Work required: For the entries below, print exactly the lines between the line holding "Signal Generator1 : SignalGenerator" and the line holding "Transfer Fcn2 : TransferFcn", inclusive, and nothing else.

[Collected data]
==================================================

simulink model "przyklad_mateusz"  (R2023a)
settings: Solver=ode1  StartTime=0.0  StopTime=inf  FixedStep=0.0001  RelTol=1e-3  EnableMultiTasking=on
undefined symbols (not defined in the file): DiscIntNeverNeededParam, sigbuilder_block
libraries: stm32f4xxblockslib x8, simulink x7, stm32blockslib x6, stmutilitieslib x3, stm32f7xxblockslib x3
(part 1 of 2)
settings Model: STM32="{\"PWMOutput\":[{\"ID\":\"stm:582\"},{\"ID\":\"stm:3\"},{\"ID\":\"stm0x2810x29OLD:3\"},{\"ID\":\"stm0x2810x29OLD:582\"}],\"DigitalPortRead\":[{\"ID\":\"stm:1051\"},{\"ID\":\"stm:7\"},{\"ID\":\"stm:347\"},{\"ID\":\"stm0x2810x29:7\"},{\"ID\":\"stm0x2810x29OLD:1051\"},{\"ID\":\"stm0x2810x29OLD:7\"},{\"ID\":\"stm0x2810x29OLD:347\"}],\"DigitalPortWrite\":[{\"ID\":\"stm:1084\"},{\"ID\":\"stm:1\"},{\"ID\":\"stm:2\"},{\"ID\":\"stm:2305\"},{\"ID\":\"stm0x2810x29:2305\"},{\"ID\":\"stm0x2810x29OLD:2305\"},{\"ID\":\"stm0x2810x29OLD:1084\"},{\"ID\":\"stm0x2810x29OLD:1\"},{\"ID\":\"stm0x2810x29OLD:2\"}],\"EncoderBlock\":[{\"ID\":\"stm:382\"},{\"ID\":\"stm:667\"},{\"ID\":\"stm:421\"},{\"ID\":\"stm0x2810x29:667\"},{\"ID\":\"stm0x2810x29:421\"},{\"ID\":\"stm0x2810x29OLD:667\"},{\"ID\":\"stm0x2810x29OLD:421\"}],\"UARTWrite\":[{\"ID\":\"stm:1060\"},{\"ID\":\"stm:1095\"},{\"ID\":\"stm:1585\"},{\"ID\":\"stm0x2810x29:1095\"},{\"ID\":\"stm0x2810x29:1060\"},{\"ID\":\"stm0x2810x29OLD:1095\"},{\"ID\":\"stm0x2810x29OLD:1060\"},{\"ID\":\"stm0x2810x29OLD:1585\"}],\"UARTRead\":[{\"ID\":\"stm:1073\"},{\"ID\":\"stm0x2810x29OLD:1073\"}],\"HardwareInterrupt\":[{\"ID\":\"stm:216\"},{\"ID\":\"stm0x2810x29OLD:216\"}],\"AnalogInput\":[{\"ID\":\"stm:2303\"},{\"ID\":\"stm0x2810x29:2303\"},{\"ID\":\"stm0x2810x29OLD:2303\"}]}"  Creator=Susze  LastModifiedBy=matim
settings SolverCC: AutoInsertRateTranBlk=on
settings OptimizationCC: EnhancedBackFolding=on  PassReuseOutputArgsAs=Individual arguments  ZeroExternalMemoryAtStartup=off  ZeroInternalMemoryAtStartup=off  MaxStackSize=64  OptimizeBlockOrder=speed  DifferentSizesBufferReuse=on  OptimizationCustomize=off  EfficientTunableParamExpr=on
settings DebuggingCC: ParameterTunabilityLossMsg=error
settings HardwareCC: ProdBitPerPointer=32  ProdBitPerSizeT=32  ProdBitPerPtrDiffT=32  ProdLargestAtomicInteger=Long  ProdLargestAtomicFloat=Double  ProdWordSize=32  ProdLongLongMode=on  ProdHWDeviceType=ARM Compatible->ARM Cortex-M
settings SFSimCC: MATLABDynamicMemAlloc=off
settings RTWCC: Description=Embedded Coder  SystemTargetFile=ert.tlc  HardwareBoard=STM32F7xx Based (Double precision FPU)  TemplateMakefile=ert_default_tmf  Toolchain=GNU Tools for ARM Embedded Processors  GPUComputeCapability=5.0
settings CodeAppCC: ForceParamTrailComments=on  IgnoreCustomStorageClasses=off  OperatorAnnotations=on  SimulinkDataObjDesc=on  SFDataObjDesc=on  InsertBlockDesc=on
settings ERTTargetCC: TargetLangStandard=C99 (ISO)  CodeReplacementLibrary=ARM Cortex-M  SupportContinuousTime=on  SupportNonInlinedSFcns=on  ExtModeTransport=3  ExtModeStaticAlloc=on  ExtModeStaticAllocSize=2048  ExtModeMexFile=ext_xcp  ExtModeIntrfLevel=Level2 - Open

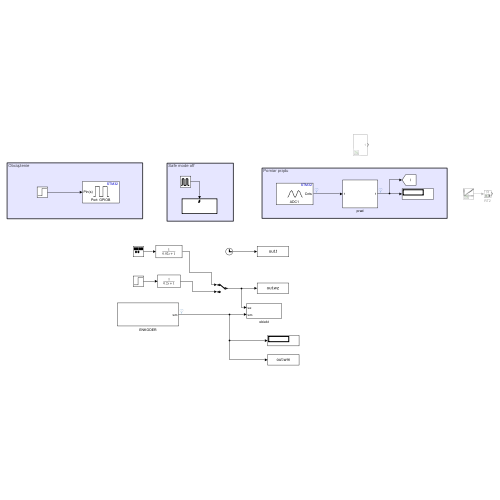
[thumbnail: Simulink's stored preview of the top-level diagram]
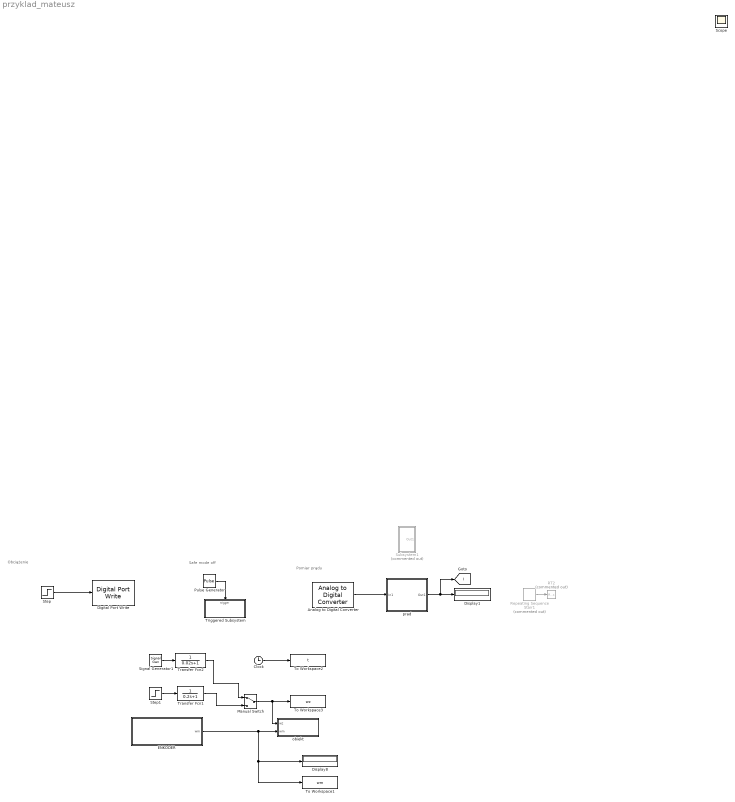
== system przyklad_mateusz ==
  note: Pomiar prądu
  note: Safe mode off
  note: Obciążenie
  Analog to Digital Converter : stm32f4xxblockslib/Analog to Digital Converter  ADCModule=ADC1  ConversionGroup=Regular  TriggerMode=Trigger and read  NumberOfConversions=1  EnableBufferConv=off  BufferLength=1  OutputStatus=off  SampleTime=-1  EnableSimPort=off  hoistedMaskSrc=ECSoC/ECSimCodegen/Analog to Digital Converter
      settings: LibrarySourceBlock=stm32f7xxblockslib/Analog to Digital Converter
  Clock : Clock
  Digital Port Write : stm32f4xxblockslib/Digital Port Write  PortName=GPIOB  PinNumber=[11]  ReadOperation=off  IOAsArray=on  EnableSimPort=off  hoistedMaskSrc=ECSoC/ECSimCodegen/Digital Port Write
      settings: LibrarySourceBlock=stm32f7xxblockslib/Digital Port Write
  Display1 : Display
  Display8 : Display
  ENKODER : Subsystem
  Manual Switch : ManualSwitch
  Pulse Generator : DiscretePulseGenerator  PulseType=Time based  Period=0.01  PulseWidth=10
  RT2 : RateTransition  Commented=on  OutPortSampleTime=0.0001
  Repeating Sequence Stair1 : simulink/Sources/Repeating Sequence Stair  Commented=on  OutValues=[0:0.1:1]  tsamp=5  OutMin=[]  OutMax=[]  OutDataTypeStr=double  OutputDataTypeScalingMode=double  OutDataType=fixdt(0,8)  ConRadixGroup=Best Precision: Vector-wise  OutScaling=2^-12
  Signal Generator1 : SignalGenerator  WaveForm=square  Amplitude=0  Frequency=0.5  Units=rad/sec
  Step : Step  Time=10  SampleTime=0
  Step1 : Step  After=0  SampleTime=0
  Subsystem1 : Subsystem  Commented=on
  To Workspace1 : ToWorkspace  VariableName=wm  SampleTime=-1
  To Workspace2 : ToWorkspace  VariableName=t  SampleTime=-1
  To Workspace3 : ToWorkspace  VariableName=wz  SampleTime=-1
  Transfer Fcn1 : TransferFcn  Denominator=[0.2 1]
  Transfer Fcn2 : TransferFcn  Denominator=[0.02 1]
  Triggered Subsystem : Subsystem  TreatAsAtomicUnit=on
  obiekt : Subsystem
  prad : Subsystem
  Scope : Scope
  tag scope: I=global
  wires:
  Pulse Generator/1 -> Triggered Subsystem/Trigger
  ENKODER/1(wm) -> Display8/1, To Workspace1/1, obiekt/2(wm)
  Clock/1 -> To Workspace2/1
  Manual Switch/1 -> obiekt/1(wz), To Workspace3/1
  Signal Generator1/1 -> Transfer Fcn2/1
  Transfer Fcn2/1 -> Manual Switch/1
  Step1/1 -> Transfer Fcn1/1
  Transfer Fcn1/1 -> Manual Switch/2
  Repeating Sequence Stair1/1 -> RT2/1
  Analog to Digital Converter/1 -> prad/1(In1)
  prad/1(Out1) -> [I], Display1/1
  Step/1 -> Digital Port Write/1

== system przyklad_mateusz/ENKODER ==
  Constant : Constant  Value=65536
  Constant1 : Constant  Value=1250
  Detect Rise Positive : simulink/Logic and Bit Operations/Detect Rise Positive  vinit=0  OutDataTypeStr=boolean
  Divide : Product  Inputs=*/
  Encoder1 : stm32blockslib/Encoder  TimerModule=TIM4  EnableResetInput=on  OutputDirection=on  SampleTime=-1
      settings: LibrarySourceBlock=stm32f7xxblockslib/Encoder
  Minus : Sum  Inputs=+-
  Pulse Generator : DiscretePulseGenerator  PulseType=Time based  Period=0.01  PulseWidth=10
  Switch : Switch  Criteria=u2 > Threshold  SaturateOnIntegerOverflow=off  InputSameDT=off
  Triggered Subsystem : Subsystem  TreatAsAtomicUnit=on
  Unit Delay : UnitDelay  SampleTime=-1  HasFrameUpgradeWarning=on
  wm : Outport
  wires:
  Detect Rise Positive/1 -> Unit Delay/1
  Switch/1 -> Triggered Subsystem/1(In1)
  Encoder1/2 -> Switch/2
  Encoder1/1 -> Switch/3, Minus/1
  Constant/1 -> Minus/2
  Minus/1 -> Switch/1
  Constant1/1 -> Divide/2
  Triggered Subsystem/1(wm) -> Divide/1
  Pulse Generator/1 -> Detect Rise Positive/1, Triggered Subsystem/Trigger
  Unit Delay/1 -> Encoder1/1
  Divide/1 -> wm/1

== system przyklad_mateusz/Subsystem1 ==
  Byte Pack1 : stmutilitieslib/Byte Pack  Commented=on  datatypes={'uint8';'uint8';'uint8';'uint8';'uint8'}  byteAlign=1  blockPlatform=stm32f4discovery
  Constant5 : Constant  Commented=on  Value=170  OutDataTypeStr=uint8
  Constant6 : Constant  Commented=on  Value=12  OutDataTypeStr=uint8
  Constant7 : Constant  Commented=on  Value=5  OutDataTypeStr=uint8
  Constant8 : Constant  Commented=on  Value=0  OutDataTypeStr=uint8
  Constant9 : Constant  Commented=on  Value=0  OutDataTypeStr=uint8
  RT : RateTransition  Commented=on  OutPortSampleTime=0.0001
  Repeating Sequence Stair : simulink/Sources/Repeating Sequence Stair  Commented=on  OutValues=[0:0.1:1]  tsamp=5  OutMin=[]  OutMax=[]  OutDataTypeStr=double  OutputDataTypeScalingMode=double  OutDataType=fixdt(0,8)  ConRadixGroup=Best Precision: Vector-wise  OutScaling=2^-12
  Signal Builder2 : Subsystem  Tag=STV Subsys  Commented=on  LoadFcn=sigbuilder_block('load');  StartFcn=sigbuilder_block('start');  StopFcn=sigbuilder_block('stop');  ClipboardFcn=sigbuilder_block('clipboard');  mask(Sigbuilder block){tuvar=[0:10]}
      mask help: Simulink:masks:SigbuilderBlock_MD
      mask init:
      | if ~strcmp(get_param(bdroot(gcbh),'SimulationStatus'),'stopped') tuvar = sigbuilder_block('maskInit'); end
      settings: CopyFcn=sigbuilder_block('copy');  DeleteFcn=sigbuilder_block('delete');  ModelCloseFcn=sigbuilder_block('modelClose');  PreSaveFcn=sigbuilder_block('preSave');  PauseFcn=sigbuilder_block('pause');  ContinueFcn=sigbuilder_block('continue');  NameChangeFcn=sigbuilder_block('namechange');  OpenFcn=sigbuilder_block('open',[5.4 36 1141.2 516.6 ]);  CloseFcn=sigbuilder_block('close');
      mask Display: plot(0, 0, 100, 100,[2, 2, 32, 32, 2], [68, 8, 8, 68, 68],[32, 2], [38, 38], [32, 19, 2],[53, 60, 44], [32, 17, 17, 2],[16, 16, 31, 31]);txt = getActiveGroup(gcbh);text(2, 100, txt,'verticalAlignment', 'top');
  Step3 : Step  Commented=on  Time=0.01  SampleTime=0
  Subsystem : Subsystem  Commented=on
  UART/USART Write1 : stm32blockslib/UART//USART Write  Commented=on  UARTModule=UART4  LengthOfDataToSend=off  BlockingMode=off  BlockingTimeout=0.1  OutputStatus=off
      settings: LibrarySourceBlock=stm32f7xxblockslib/UART//USART Write
  Out1 : Outport
  wires:
  Constant8/1 -> Byte Pack1/4
  RT/1 -> Out1/1
  Constant9/1 -> Byte Pack1/5  "prędkość 0-100"
  Constant5/1 -> Byte Pack1/1
  Constant6/1 -> Byte Pack1/2
  Byte Pack1/1 -> UART/USART Write1/1
  Repeating Sequence Stair/1 -> RT/1
  Constant7/1 -> Byte Pack1/3

== system przyklad_mateusz/Triggered Subsystem ==
  Trigger : TriggerPort  VariantControl=(inherit)
  Byte Pack1 : stmutilitieslib/Byte Pack  datatypes={'uint8';'uint8';'uint8'}  byteAlign=1  blockPlatform=stm32f4discovery
  Constant7 : Constant  Value=170  OutDataTypeStr=uint8
  Constant8 : Constant  Value=12  OutDataTypeStr=uint8
  Constant9 : Constant  Value=3  OutDataTypeStr=uint8
  UART/USART Write1 : stm32blockslib/UART//USART Write  UARTModule=UART4  LengthOfDataToSend=off  BlockingMode=off  BlockingTimeout=0.1  OutputStatus=off
      settings: LibrarySourceBlock=stm32f7xxblockslib/UART//USART Write
  wires:
  Constant9/1 -> Byte Pack1/3
  Constant8/1 -> Byte Pack1/2
  Byte Pack1/1 -> UART/USART Write1/1
  Constant7/1 -> Byte Pack1/1

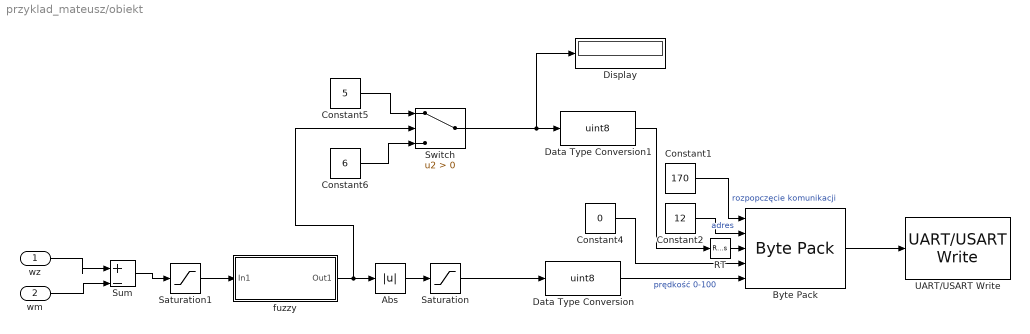
== system przyklad_mateusz/obiekt ==
  wz : Inport
  wm : Inport  Port=2
  Abs : Abs  SaturateOnIntegerOverflow=off
  Byte Pack : stmutilitieslib/Byte Pack  datatypes={'uint8';'uint8';'uint8';'uint8';'uint8'}  byteAlign=1  blockPlatform=stm32f4discovery
  Constant1 : Constant  Value=170  OutDataTypeStr=uint8
  Constant2 : Constant  Value=12  OutDataTypeStr=uint8
  Constant4 : Constant  Value=0  OutDataTypeStr=uint8
  Constant5 : Constant  Value=5  OutDataTypeStr=uint8
  Constant6 : Constant  Value=6  OutDataTypeStr=uint8
  Data Type Conversion : DataTypeConversion  OutDataTypeStr=uint8  SaturateOnIntegerOverflow=off  RndMeth=Floor
  Data Type Conversion1 : DataTypeConversion  OutDataTypeStr=uint8  SaturateOnIntegerOverflow=off  RndMeth=Floor
  Display : Display
  RT : RateTransition  OutPortSampleTime=0.0001
  Saturation : Saturate  UpperLimit=100  LowerLimit=0
  Saturation1 : Saturate  UpperLimit=1  LowerLimit=-1
  Sum : Sum  Inputs=|+-
  Switch : Switch  Criteria=u2 > Threshold  SaturateOnIntegerOverflow=off  InputSameDT=off
  UART/USART Write : stm32blockslib/UART//USART Write  UARTModule=UART4  LengthOfDataToSend=off  BlockingMode=off  BlockingTimeout=0.1  OutputStatus=off
      settings: LibrarySourceBlock=stm32f7xxblockslib/UART//USART Write
  fuzzy : Subsystem
  wires:
  Sum/1 -> Saturation1/1
  wz/1 -> Sum/1
  wm/1 -> Sum/2
  Constant2/1 -> Byte Pack/2  "adres"
  Constant1/1 -> Byte Pack/1  "rozpopczęcie komunikacji"
  Byte Pack/1 -> UART/USART Write/1
  Constant4/1 -> Byte Pack/4
  Data Type Conversion/1 -> Byte Pack/5  "prędkość 0-100"
  Constant5/1 -> Switch/1
  Constant6/1 -> Switch/3
  Switch/1 -> Data Type Conversion1/1, Display/1
  Data Type Conversion1/1 -> RT/1
  RT/1 -> Byte Pack/3
  Abs/1 -> Saturation/1
  Saturation1/1 -> fuzzy/1(In1)
  fuzzy/1(Out1) -> Abs/1, Switch/2
  Saturation/1 -> Data Type Conversion/1

== system przyklad_mateusz/prad ==
  In1 : Inport
  Constant : Constant  Value=1.65
  Gain : Gain  Gain=0.00080586
  Gain1 : Gain  Gain=15.15
  Sum : Sum  Inputs=|+-
  Transfer Fcn3 : TransferFcn  Denominator=[0.2 1]
  Out1 : Outport
  wires:
  In1/1 -> Gain/1
  Gain/1 -> Sum/1
  Constant/1 -> Sum/2
  Sum/1 -> Gain1/1
  Gain1/1 -> Transfer Fcn3/1
  Transfer Fcn3/1 -> Out1/1

== system przyklad_mateusz/ENKODER/Triggered Subsystem ==
  In1 : Inport
  Trigger : TriggerPort  VariantControl=(inherit)
  Gain : Gain  Gain=3
  wm : Outport
  wires:
  In1/1 -> Gain/1
  Gain/1 -> wm/1

== system przyklad_mateusz/Subsystem1/Signal Builder2 ==
  Demux : Demux  Tag=STV Demux  Outputs=1
      settings: DisplayOption=none
  FromWs : FromWorkspace  Tag=STV FromWs  VariableName=tuvar
      SigBuilderData=|
      | common.afterFinalStr = 'Extrapolate'
      | common.sampleTime = 0
      | dataSet.timeRange = [0 60]
      | dataSet.name = 'Group 1'
      | sbobj.Groups.Name = 'Group 1'
      | sbobj.Groups.Signals.Name = 'Prędkość'
      | sbobj.Groups.Signals.XData = [0 2 2 8 8 14 14 20 20 26 26 32 32 38 38 55.75 55.75 60]
      | sbobj.Groups.Signals.YData = [0 0 0.4 0.4 -0.395 -0.395 0.405 0.405 -0.4 -0.4 0.4 0.4 -0.4 -0.4 0.4 0.4 0 0]
      | sbobj.Groups.TimeRange = [0 60]
  Prędkość : Outport  Tag=STV Outport
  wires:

==================================================

Problem solution:
  Signal Generator1 : SignalGenerator  WaveForm=square  Amplitude=0  Frequency=0.5  Units=rad/sec
  Step : Step  Time=10  SampleTime=0
  Step1 : Step  After=0  SampleTime=0
  Subsystem1 : Subsystem  Commented=on
  To Workspace1 : ToWorkspace  VariableName=wm  SampleTime=-1
  To Workspace2 : ToWorkspace  VariableName=t  SampleTime=-1
  To Workspace3 : ToWorkspace  VariableName=wz  SampleTime=-1
  Transfer Fcn1 : TransferFcn  Denominator=[0.2 1]
  Transfer Fcn2 : TransferFcn  Denominator=[0.02 1]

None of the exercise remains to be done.